Ovviamente, mentre il primo fu una grande sorpresa, il secondo fu una grande conferma. Della breve carriera di questo Ensemble i due album rappresentano la migliore produzione e sicuramente quella maggiormente ricordata da appassionati e critici. Vale la pena quindi ascoltare l’album con calma cercando di lasciarsi andare nel mondo fantastico che viene descritto e godere delle sensazioni che via via i brani contenuti sprigionano. Il brano omonimo Birds Of Fire apre l’album: pesanti colpi di gong annunciano l’entrata nel tempio della musica al cospetto della Mahavishnu (nome spirituale dato dal guru Chinmoy a McLaughlin). Inizio sontuoso nel quale la chitarra elettrica di John e il violino di Jerry Goodman partono per un reciproco inseguimento lungo un percorso frenetico durante il quale a volte si incontrano sul leitmotiv all’unisono per poi staccarsi alternandosi in tiratissime parti solistiche. Una corsa mozzafiato.
Miles Behind è un omaggio a Miles Davis. Così come Miles aveva fatto per John McLaughlin in “Bitches Brew”
John, probabilmente ricordando il titolo Miles Ahead, ha voluto pensare questo brano come una continuazione del percorso intrapreso dal suo guru musicale.
In Celestial Terrestrial Commuters si riprende la corsa iniziata in Bird Of Fire, arricchita dalle sonorità folk espresse da Jerry al violino. Nel brevissimo intermezzo spaziale Sapphire Bullets of Pure Love volano pallottole zaffiro di puro amore, per atterrare subito in Thousand Island Park e trovarsi dentro una scena diversa completamente acustica… forse un ricordo. John questa volta imbraccia la chitarra classica e si abbandona alla sua passione per quelle tipiche atmosfere tinte di flamenco e di blues, accompagnato solamente al pianoforte da Jan. 

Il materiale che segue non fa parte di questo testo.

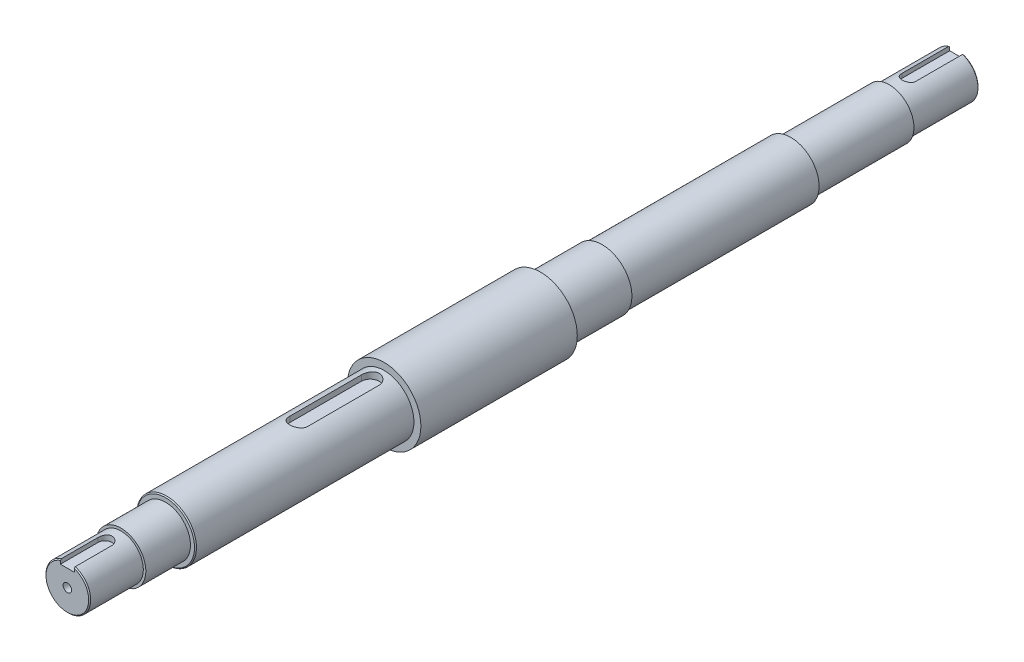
ISO-10303-21;
HEADER;
FILE_DESCRIPTION(('STEP AP214'),'2;1');
FILE_NAME('part.step','',(''),(''),'','','');
FILE_SCHEMA(('AUTOMOTIVE_DESIGN { 1 0 10303 214 1 1 1 1 }'));
ENDSEC;
DATA;
#1=APPLICATION_CONTEXT('core data for automotive mechanical design processes');
#2=APPLICATION_PROTOCOL_DEFINITION('international standard','automotive_design',2000,#1);
#3=PRODUCT_CONTEXT('',#1,'mechanical');
#4=PRODUCT('Part','Part','',(#3));
#5=PRODUCT_RELATED_PRODUCT_CATEGORY('part','',(#4));
#6=PRODUCT_DEFINITION_FORMATION('','',#4);
#7=PRODUCT_DEFINITION_CONTEXT('part definition',#1,'design');
#8=PRODUCT_DEFINITION('design','',#6,#7);
#9=PRODUCT_DEFINITION_SHAPE('','',#8);
#10=(LENGTH_UNIT() NAMED_UNIT(*) SI_UNIT(.MILLI.,.METRE.));
#11=(NAMED_UNIT(*) PLANE_ANGLE_UNIT() SI_UNIT($,.RADIAN.));
#12=(NAMED_UNIT(*) SI_UNIT($,.STERADIAN.) SOLID_ANGLE_UNIT());
#13=UNCERTAINTY_MEASURE_WITH_UNIT(LENGTH_MEASURE(1.E-05),#10,'distance_accuracy_value','');
#14=(GEOMETRIC_REPRESENTATION_CONTEXT(3) GLOBAL_UNCERTAINTY_ASSIGNED_CONTEXT((#13)) GLOBAL_UNIT_ASSIGNED_CONTEXT((#10,
#11,#12)) REPRESENTATION_CONTEXT('',''));
#15=CARTESIAN_POINT('',(0.,0.,0.));
#16=DIRECTION('',(0.,0.,1.));
#17=DIRECTION('',(1.,0.,0.));
#18=AXIS2_PLACEMENT_3D('',#15,#16,#17);
#19=CARTESIAN_POINT('',(0.,17.,-119.));
#20=DIRECTION('',(0.,-1.,0.));
#21=DIRECTION('',(0.,0.,-1.));
#22=AXIS2_PLACEMENT_3D('',#19,#20,#21);
#23=CYLINDRICAL_SURFACE('',#22,7.);
#24=DIRECTION('',(0.,-1.,0.));
#25=VECTOR('',#24,1.);
#26=CARTESIAN_POINT('',(7.,21.3834047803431,-119.));
#27=LINE('',#26,#25);
#28=CARTESIAN_POINT('',(7.,17.,-119.));
#29=VERTEX_POINT('',#28);
#30=CARTESIAN_POINT('',(7.,21.3834047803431,-119.));
#31=VERTEX_POINT('',#30);
#32=EDGE_CURVE('E748',#29,#31,#27,.F.);
#33=ORIENTED_EDGE('',*,*,#32,.F.);
#34=CARTESIAN_POINT('',(0.,17.,-119.));
#35=DIRECTION('',(0.,-1.,0.));
#36=DIRECTION('',(1.,0.,0.));
#37=AXIS2_PLACEMENT_3D('',#34,#35,#36);
#38=CIRCLE('',#37,7.);
#39=CARTESIAN_POINT('',(-7.,17.,-119.));
#40=VERTEX_POINT('',#39);
#41=EDGE_CURVE('E367',#40,#29,#38,.F.);
#42=ORIENTED_EDGE('',*,*,#41,.F.);
#43=DIRECTION('',(0.,-1.,0.));
#44=VECTOR('',#43,1.);
#45=CARTESIAN_POINT('',(-7.,17.,-119.));
#46=LINE('',#45,#44);
#47=CARTESIAN_POINT('',(-7.,21.3834047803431,-119.));
#48=VERTEX_POINT('',#47);
#49=EDGE_CURVE('E749',#48,#40,#46,.T.);
#50=ORIENTED_EDGE('',*,*,#49,.F.);
#51=CARTESIAN_POINT('',(7.,21.3834047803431,-119.));
#52=CARTESIAN_POINT('',(7.00002638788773,21.3833759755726,-118.808252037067));
#53=CARTESIAN_POINT('',(6.99212250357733,21.3859829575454,-118.616514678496));
#54=CARTESIAN_POINT('',(6.96064990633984,21.3962580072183,-118.234510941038));
#55=CARTESIAN_POINT('',(6.93708493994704,21.4039248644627,-118.044244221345));
#56=CARTESIAN_POINT('',(6.87456915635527,21.4240824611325,-117.667041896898));
#57=CARTESIAN_POINT('',(6.83565951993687,21.4365602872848,-117.480098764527));
#58=CARTESIAN_POINT('',(6.74281154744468,21.4659469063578,-117.11033770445));
#59=CARTESIAN_POINT('',(6.68887277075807,21.4828558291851,-116.927519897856));
#60=CARTESIAN_POINT('',(6.56646575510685,21.5205859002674,-116.567371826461));
#61=CARTESIAN_POINT('',(6.49800709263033,21.5414044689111,-116.390038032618));
#62=CARTESIAN_POINT('',(6.34705748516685,21.5863628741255,-116.041810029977));
#63=CARTESIAN_POINT('',(6.26456133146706,21.6105039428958,-115.870918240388));
#64=CARTESIAN_POINT('',(6.08615523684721,21.6614246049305,-115.536677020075));
#65=CARTESIAN_POINT('',(5.99024378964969,21.6882044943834,-115.373328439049));
#66=CARTESIAN_POINT('',(5.78563893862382,21.7436799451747,-115.055107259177));
#67=CARTESIAN_POINT('',(5.67694095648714,21.7723761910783,-114.900237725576));
#68=CARTESIAN_POINT('',(5.44398558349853,21.8318094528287,-114.595350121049));
#69=CARTESIAN_POINT('',(5.31935461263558,21.8625820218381,-114.445624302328));
#70=CARTESIAN_POINT('',(5.05809625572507,21.9244995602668,-114.157114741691));
#71=CARTESIAN_POINT('',(4.92146866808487,21.9556445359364,-114.018331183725));
#72=CARTESIAN_POINT('',(4.63702147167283,22.0174752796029,-113.752530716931));
#73=CARTESIAN_POINT('',(4.48919801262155,22.0481608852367,-113.625517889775));
#74=CARTESIAN_POINT('',(4.18336601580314,22.1082274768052,-113.384184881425));
#75=CARTESIAN_POINT('',(4.02536105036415,22.1376089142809,-113.269860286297));
#76=CARTESIAN_POINT('',(3.69637926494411,22.1949382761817,-113.05217986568));
#77=CARTESIAN_POINT('',(3.5251885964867,22.222838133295,-112.949134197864));
#78=CARTESIAN_POINT('',(3.17432985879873,22.2756613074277,-112.757922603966));
#79=CARTESIAN_POINT('',(2.99466492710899,22.3005857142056,-112.66975122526));
#80=CARTESIAN_POINT('',(2.62804567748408,22.3467560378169,-112.508972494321));
#81=CARTESIAN_POINT('',(2.44109155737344,22.3680020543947,-112.436364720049));
#82=CARTESIAN_POINT('',(2.06124657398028,22.4061975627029,-112.307355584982));
#83=CARTESIAN_POINT('',(1.86835593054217,22.4231472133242,-112.250953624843));
#84=CARTESIAN_POINT('',(1.48406965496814,22.4518043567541,-112.156354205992));
#85=CARTESIAN_POINT('',(1.29280885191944,22.4636563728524,-112.117652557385));
#86=CARTESIAN_POINT('',(0.90749228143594,22.4825189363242,-112.056333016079));
#87=CARTESIAN_POINT('',(0.713436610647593,22.4895296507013,-112.033714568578));
#88=CARTESIAN_POINT('',(0.324029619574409,22.4985094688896,-112.004778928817));
#89=CARTESIAN_POINT('',(0.128678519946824,22.5004794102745,-111.998459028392));
#90=CARTESIAN_POINT('',(-0.261850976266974,22.4993235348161,-112.002174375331));
#91=CARTESIAN_POINT('',(-0.457029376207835,22.4961978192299,-112.012209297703));
#92=CARTESIAN_POINT('',(-0.839016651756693,22.4851350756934,-112.047908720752));
#93=CARTESIAN_POINT('',(-1.02588219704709,22.4773675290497,-112.073022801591));
#94=CARTESIAN_POINT('',(-1.39681014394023,22.4573691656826,-112.138193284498));
#95=CARTESIAN_POINT('',(-1.58087158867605,22.4451368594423,-112.178254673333));
#96=CARTESIAN_POINT('',(-1.94480498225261,22.4165350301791,-112.272959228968));
#97=CARTESIAN_POINT('',(-2.12467830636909,22.4001668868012,-112.327597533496));
#98=CARTESIAN_POINT('',(-2.47918052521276,22.3637078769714,-112.451037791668));
#99=CARTESIAN_POINT('',(-2.65380741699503,22.3436156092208,-112.519845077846));
#100=CARTESIAN_POINT('',(-2.99866751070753,22.2999677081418,-112.671972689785));
#101=CARTESIAN_POINT('',(-3.16882451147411,22.2763739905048,-112.755454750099));
#102=CARTESIAN_POINT('',(-3.50156811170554,22.2265007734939,-112.935773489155));
#103=CARTESIAN_POINT('',(-3.66415208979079,22.2002203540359,-113.032614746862));
#104=CARTESIAN_POINT('',(-3.98072025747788,22.1456467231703,-113.238961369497));
#105=CARTESIAN_POINT('',(-4.13470423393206,22.1173534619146,-113.348467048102));
#106=CARTESIAN_POINT('',(-4.43317367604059,22.0594670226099,-113.579429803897));
#107=CARTESIAN_POINT('',(-4.57765884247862,22.0298738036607,-113.700887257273));
#108=CARTESIAN_POINT('',(-4.86207108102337,21.9688936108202,-113.960275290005));
#109=CARTESIAN_POINT('',(-5.00156109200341,21.9374831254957,-114.098679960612));
#110=CARTESIAN_POINT('',(-5.26840074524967,21.8749338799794,-114.386705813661));
#111=CARTESIAN_POINT('',(-5.39575424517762,21.8437950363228,-114.536323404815));
#112=CARTESIAN_POINT('',(-5.63762072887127,21.7826262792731,-114.845983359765));
#113=CARTESIAN_POINT('',(-5.75212500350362,21.7525971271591,-115.006032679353));
#114=CARTESIAN_POINT('',(-5.96735827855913,21.6945398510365,-115.335396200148));
#115=CARTESIAN_POINT('',(-6.06809264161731,21.6665109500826,-115.504706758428));
#116=CARTESIAN_POINT('',(-6.25621355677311,21.6129469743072,-115.85364568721));
#117=CARTESIAN_POINT('',(-6.34342581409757,21.5874457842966,-116.033373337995));
#118=CARTESIAN_POINT('',(-6.50228494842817,21.5401290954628,-116.39996563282));
#119=CARTESIAN_POINT('',(-6.57393822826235,21.5183120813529,-116.586827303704));
#120=CARTESIAN_POINT('',(-6.70102264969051,21.4790763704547,-116.966217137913));
#121=CARTESIAN_POINT('',(-6.75647102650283,21.4616530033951,-117.158739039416));
#122=CARTESIAN_POINT('',(-6.85070294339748,21.4317592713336,-117.548114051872));
#123=CARTESIAN_POINT('',(-6.88949414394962,21.4192866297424,-117.744965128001));
#124=CARTESIAN_POINT('',(-6.94646198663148,21.4008759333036,-118.118007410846));
#125=CARTESIAN_POINT('',(-6.96653718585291,21.3943385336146,-118.293881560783));
#126=CARTESIAN_POINT('',(-6.99330547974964,21.3855959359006,-118.646499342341));
#127=CARTESIAN_POINT('',(-7.00001756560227,21.3833845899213,-118.823241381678));
#128=CARTESIAN_POINT('',(-7.,21.3834047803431,-119.));
#129=B_SPLINE_CURVE_WITH_KNOTS('',3,(#51,#52,#53,#54,#55,#56,#57,#58,#59,#60,#61,#62,#63,#64,
#65,#66,#67,#68,#69,#70,#71,#72,#73,#74,#75,#76,#77,#78,#79,#80,#81,#82,#83,#84,#85,#86,#87,#88,
#89,#90,#91,#92,#93,#94,#95,#96,#97,#98,#99,#100,#101,#102,#103,#104,#105,#106,#107,#108,#109,
#110,#111,#112,#113,#114,#115,#116,#117,#118,#119,#120,#121,#122,#123,#124,#125,#126,#127,#128),
.UNSPECIFIED.,.F.,.F.,(4,2,2,2,2,2,2,2,2,2,2,2,2,2,2,2,2,2,2,2,2,2,2,2,2,2,2,2,2,2,2,2,2,2,2,2,
2,2,4),(0.,0.575046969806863,1.14995642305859,1.72333336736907,2.29672712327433,
2.86974387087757,3.44297370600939,4.01626795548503,4.58976810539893,5.18076864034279,
5.77177910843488,6.36299375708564,6.95400208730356,7.55850874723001,8.16279332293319,
8.76706151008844,9.37130734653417,9.95706552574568,10.5428034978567,11.1284441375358,
11.7140731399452,12.2795246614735,12.8451649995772,13.4106168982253,13.9762819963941,
14.5486246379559,15.1211639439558,15.6937174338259,16.2662889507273,16.8625896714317,
17.4587002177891,18.055212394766,18.6514915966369,19.2549115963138,19.8580828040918,
20.460610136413,21.0628600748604,21.5937197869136,22.1238245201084),.UNSPECIFIED.);
#130=EDGE_CURVE('E358',#48,#31,#129,.F.);
#131=ORIENTED_EDGE('',*,*,#130,.T.);
#132=EDGE_LOOP('',(#33,#42,#50,#131));
#133=FACE_BOUND('',#132,.T.);
#134=ADVANCED_FACE('F38',(#133),#23,.F.);
#135=CARTESIAN_POINT('',(0.,0.,-99.));
#136=DIRECTION('',(0.,0.,-1.));
#137=DIRECTION('',(-1.,0.,0.));
#138=AXIS2_PLACEMENT_3D('',#135,#136,#137);
#139=PLANE('',#138);
#140=CARTESIAN_POINT('',(0.,0.,-99.));
#141=DIRECTION('',(0.,0.,-1.));
#142=DIRECTION('',(-1.,0.,0.));
#143=AXIS2_PLACEMENT_3D('',#140,#141,#142);
#144=CIRCLE('',#143,25.);
#145=CARTESIAN_POINT('',(-25.,0.,-99.));
#146=VERTEX_POINT('',#145);
#147=EDGE_CURVE('E243',#146,#146,#144,.T.);
#148=ORIENTED_EDGE('',*,*,#147,.T.);
#149=EDGE_LOOP('',(#148));
#150=FACE_BOUND('',#149,.T.);
#151=CARTESIAN_POINT('',(0.,0.,-99.));
#152=DIRECTION('',(0.,0.,-1.));
#153=DIRECTION('',(-1.,0.,0.));
#154=AXIS2_PLACEMENT_3D('',#151,#152,#153);
#155=CIRCLE('',#154,22.5);
#156=CARTESIAN_POINT('',(-22.5,0.,-99.));
#157=VERTEX_POINT('',#156);
#158=EDGE_CURVE('E173',#157,#157,#155,.T.);
#159=ORIENTED_EDGE('',*,*,#158,.F.);
#160=EDGE_LOOP('',(#159));
#161=FACE_BOUND('',#160,.T.);
#162=ADVANCED_FACE('F349',(#150,#161),#139,.T.);
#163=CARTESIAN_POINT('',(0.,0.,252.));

Hope è un fraseggio ripetuto varie volte… un tema che non trova soluzione di continuità… come un giorno che nasce e muore, rimandando al successivo tutto quello che non si è potuto realizzare. In One World trova il suo maggiore risalto la sezione ritmica della Band. Billy rende un’ampia dimostrazione della sua potenza e della sua classe… nell’unico assolo di tutto l’album.
Un altro pezzo molto devisiano, vicino alle atmosfere elettriche di “Bitches Brew”.
Il momento della rivelazione finale è Sanctuary. John decide di abbassare il numero  di note suonate al secondo e molte di queste arrivano a segno penetrando  ancora più profondamente. Un tema di forte impatto emotivo. I bagliori della fine del mondo visti al tramonto dalla cima di un grattacielo nella Grande Mela.
Open Country Joe è una escursione  tra spensierate  feste di paese dal sapore di zucchero filato e odore di carne alla griglia, in contrasto con gli  scenari frenetici della metropoli. L’album termina con Resolution, un atmosfera che oggi definiremmo prog, il cui tema è rappresentato da una stessa frase musicale ripetuta su tonalità crescenti fino alla conclusione che non risolve e che lascia in sospeso… come una promessa di continuare a raccontare.
La spiritualità e la passionalità animano le trame compositive di John Mc Laughlin. La dinamica della sua musica è innescata dall’incontro/scontro fra il suo lirismo che è trascendentale e il suo blues che è sanguigno, umano, terreno.
“Charley Parker assomigliava a Buddha (…)” (tratto da Mexico City Blues di Jack Kerouak).